Probabilistic Cross Categorization
Lace is built on a Bayesian probabilistic model called Probabilistic Cross-Categorization (PCC). PPC groups \(m\) columns into \(1, ..., m\) views, and within each view, groups the \(n\) rows into \(1, ..., n\) categories. PCC uses a non-parametric prior process (the Dirichlet process) to learn the number of view and categories. Each column (feature) is then modeled as a mixture distribution defined by the category partition. For example, a continuous-valued column will be modeled as a mixture of Gaussian distributions. For references on PCC, see the appendix.
Differences between PCC and Traditional ML
Inputs and outputs
Regression and classification are defined in terms of learning a funciton \(f(x) \rightarrow y \) that maps inputs, \(x\), to outputs, \(y\). PCC has no notion of inputs and outputs. There is only data. PCC learns a joint distribution \(p(x_1, x_2, ..., x_m)\) from which the user can create condition distributions.
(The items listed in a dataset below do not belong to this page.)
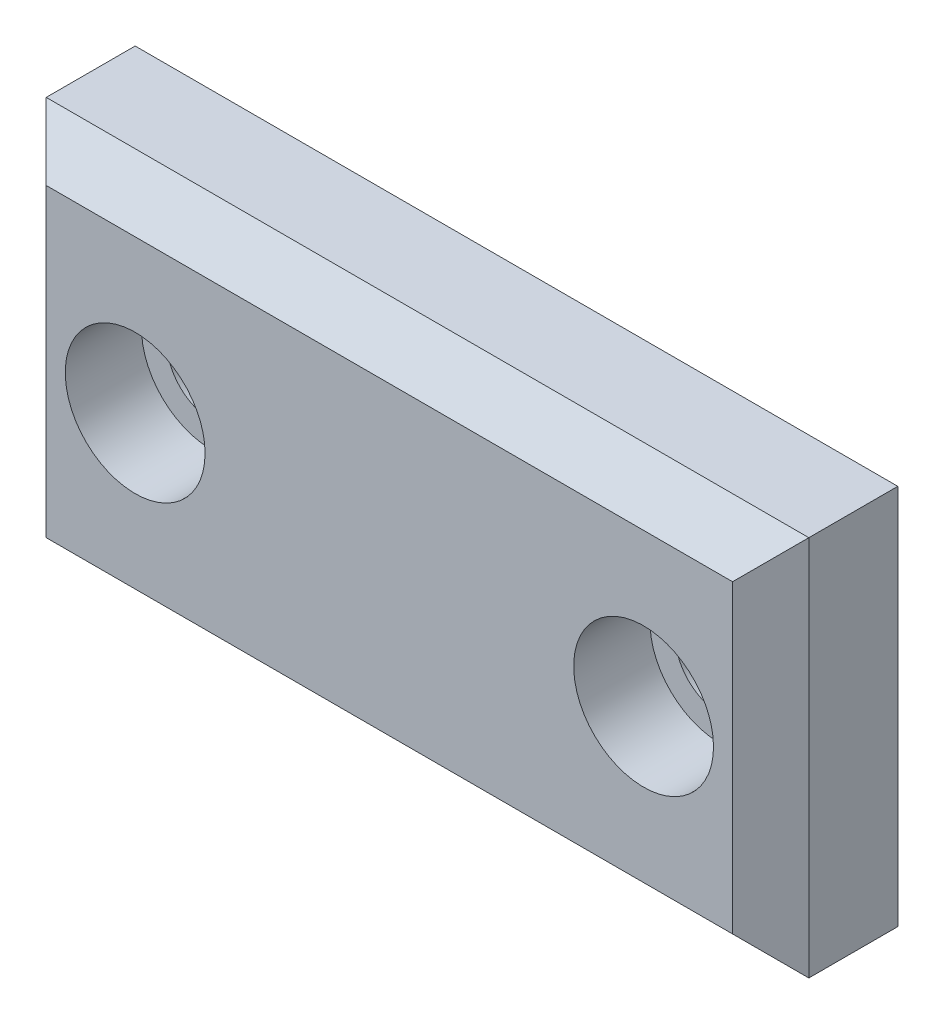
SolidWorks part; units mm, degrees
other "细节项目8"
ref_plane "前视基准面" through (0, 0, 0) normal (0, 0, 1) x (1, 0, 0)
ref_plane "上视基准面" through (0, 0, 0) normal (0, 1, 0) x (1, 0, 0)
ref_plane "右视基准面" through (0, 0, 0) normal (1, 0, 0) x (0, 0, -1)
sketch "草图1" plane through (0, 0, 0) normal (0, 0, 1) x (1, 0, 0)
  line L1 (-30, -15) -> (30, -15)
  line L2 (-30, -15) -> (-30, 15)
  line L3 (-30, 15) -> (30, 15)
  line L4 (30, -15) -> (30, 15)
  line L5 (-30, -15) -> (30, 15) construction
  line L6 (-30, 15) -> (30, -15) construction
  point P0 (0, 0)
  dimension "D1" = 60
  dimension "D2" = 30
extrude "凸台-拉伸1" add sketch "草图1" along normal blind 10
chamfer "倒角1" distance 3 angle 45 4 edges at (0, -15, 10) (-30, 0, 10) (0, 15, 10) (30, 0, 10)
sketch "草图2" plane through (0, 0, 10) normal (0, 0, 1) x (1, 0, 0)
  line L0 (-30, -15) -> (-30, 15) construction
  line L1 (30, 15) -> (30, -15) construction
  line L2 (30, -15) -> (-30, -15) construction
  circle A0 centre (-20, 0) radius 3.5
  circle A1 centre (20, 0) radius 3.5
  dimension "D1" = 7
  dimension "D2" = 7
  dimension "D3" = 10
  dimension "D4" = 10
  dimension "D5" = 15
  dimension "D6" = 15
extrude "切除-拉伸1" cut sketch "草图2" against normal through all
sketch "草图3" plane through (0, 0, 10) normal (0, 0, 1) x (1, 0, 0)
  circle A0 centre (-20, 0) radius 5.5
  circle A1 centre (20, 0) radius 5.5
  dimension "D1" = 11
  dimension "D2" = 11
extrude "切除-拉伸2" cut sketch "草图3" against normal blind 6

To predict \(x_1\) given \(x_2\) and \(x_3\), you find \(\text{argmax}_{x_1} p(x_1|x_2, x_3)\).
Supported data types
Most ML models are designed to handle one type of input data, generally
continuous. This means if you have categorical data, you have to transform it:
you can convert it to a float (e.g. float(x)
in python) and just
sweep the categorical-ness of the data under the rug, you can do something like
one-hot encoding, which significantly
increases dimensionality, or you can use some kind of embedding like in
natural language processing,
which destroys
interpretability. PCC allows your data to stay as they are.
The learning method
Most machine learning models use an optimization algorithm to find a set of parameters that achieves a local minima in the loss function. For example, Deep Neural Networks may use stochastic gradient descent to minimize cross entropy. This results in one parameter set representing one model.
In Lace, we use Markov Chain Monte Carlo to do posterior sampling. That is, we attempt to draw a number of PCC states from the posterior distribution. These states provide a kind of topographical map of the PCC posterior distribution which we can use to do a number of things including computing likelihoods and uncertainties.